ここまで目を通して頂き誠にありがとうございました!

匿名さん、コメントありがとうございます!
大変興味深い考察で、なるほどなと思いながら読ませていただきました。匿名さんが本作を深く読み込んでいるのがヒシヒシと伝わってきます。

原作を知らず、解説のみを拝読させていただいた感想です。

人物的にハインリッヒの方が性格が良く、ソビエシュは身勝手と思えてハインリッヒの方が好きです。原作者はJ・k・ローロングのハリー・ポッターの魔法界の過去を変えられる時計を念頭に書いたのではないかと思い、大神官は意識だけが飛んでいる状況と解釈していましたが、彼は実際に使用したことがないのでそれが事実かどうか不明です。よって、ハリポタのように魔法の時計を使用した効果で過去が変わり、現実が1つに統合され、ラストはナビエとソビエシュが夫婦のまま更に10年経過したのではないかと思います。

最後にナビエが手を差し伸べたことは、ナビエが意識しなくても、それも1つの愛の形と思うので、過去を変える条件は満たされたと感じます。

ヨーロッパの王族の夫婦の婚姻関係が日本より奔放なのは歴史的事実ですが、帝政は王政と違ってより重いと思うので、ハインリッヒは初恋の女性ではなく別の同国人を妃に迎えて西大帝国として発展し、ソビエシュとナビエは夫婦のまま東大帝国として発展し、互いに自主独立を保つ方が祖国愛にかない、その国の皇族としての責任感を感じ、好感が持てます。自主独立を脅かしたいという野心をかかえた国が戦争を起こしたら、防衛のために戦うのみです。

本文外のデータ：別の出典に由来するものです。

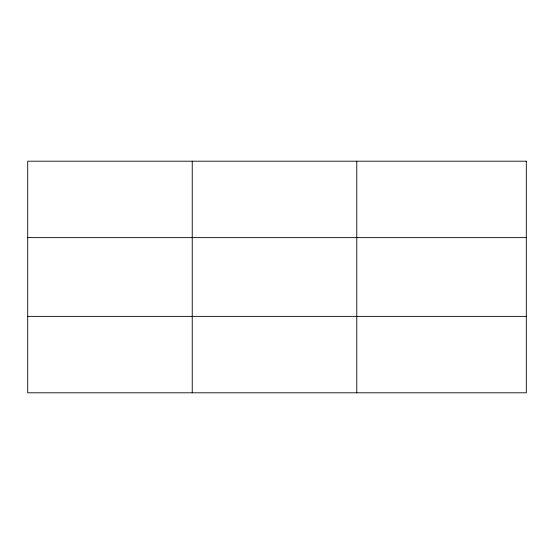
<?xml version="1.0" encoding="UTF-8"?>
<svg xmlns="http://www.w3.org/2000/svg" width="554" height="554" viewBox="0 0 554 554"><rect width="100%" height="100%" fill="white"/><g stroke="black" fill="none" stroke-linecap="round" stroke-linejoin="round"><path stroke-width="0.83" d="M192.238 392.8L192.238 161.2M356.776 392.8L356.776 161.2M27.7 237.631L526.3 237.631M27.7 316.369L526.3 316.369M526.3 161.2L526.3 392.8L27.7 392.8L27.7 161.2L526.3 161.2"/></g></svg>

実際に、ペルシア帝国の皇子が帝位について、「望んでも得られぬ者がおり、望まずとも得ねばならぬ者がいることを知るべきだ」と言いましたが、愛情のみを追求したらこの言葉は実現しません。帝国の伝統を重んじるなら、愛は育むものであるということも、皇族にはあると思います。

続きで恐縮ですが、日韓併合時代、李王に日本人妃が嫁ぎ、朝鮮人の貴族たちと朝鮮で優雅に暮らしていましたが、日韓併合がなくなった途端、朝鮮人の貴族たちは迫害されて3冊もある親日辞典に名を載せられて弾圧され、一部の人々は今になっても墓を暴かて遺体に危害を加えられたし、当時、李王は嫌われて韓国から追い出されて日本で暮した事実があります。

韓国人の作者もこの事実を知っているでしょうが、他国に嫁いでも権力を持つ同国人が、祖国で歓迎されるのは、なかなか実際には難しいので、あくまで小説やマンガの中のファンタジーとして、解釈が色々あってよいと思います。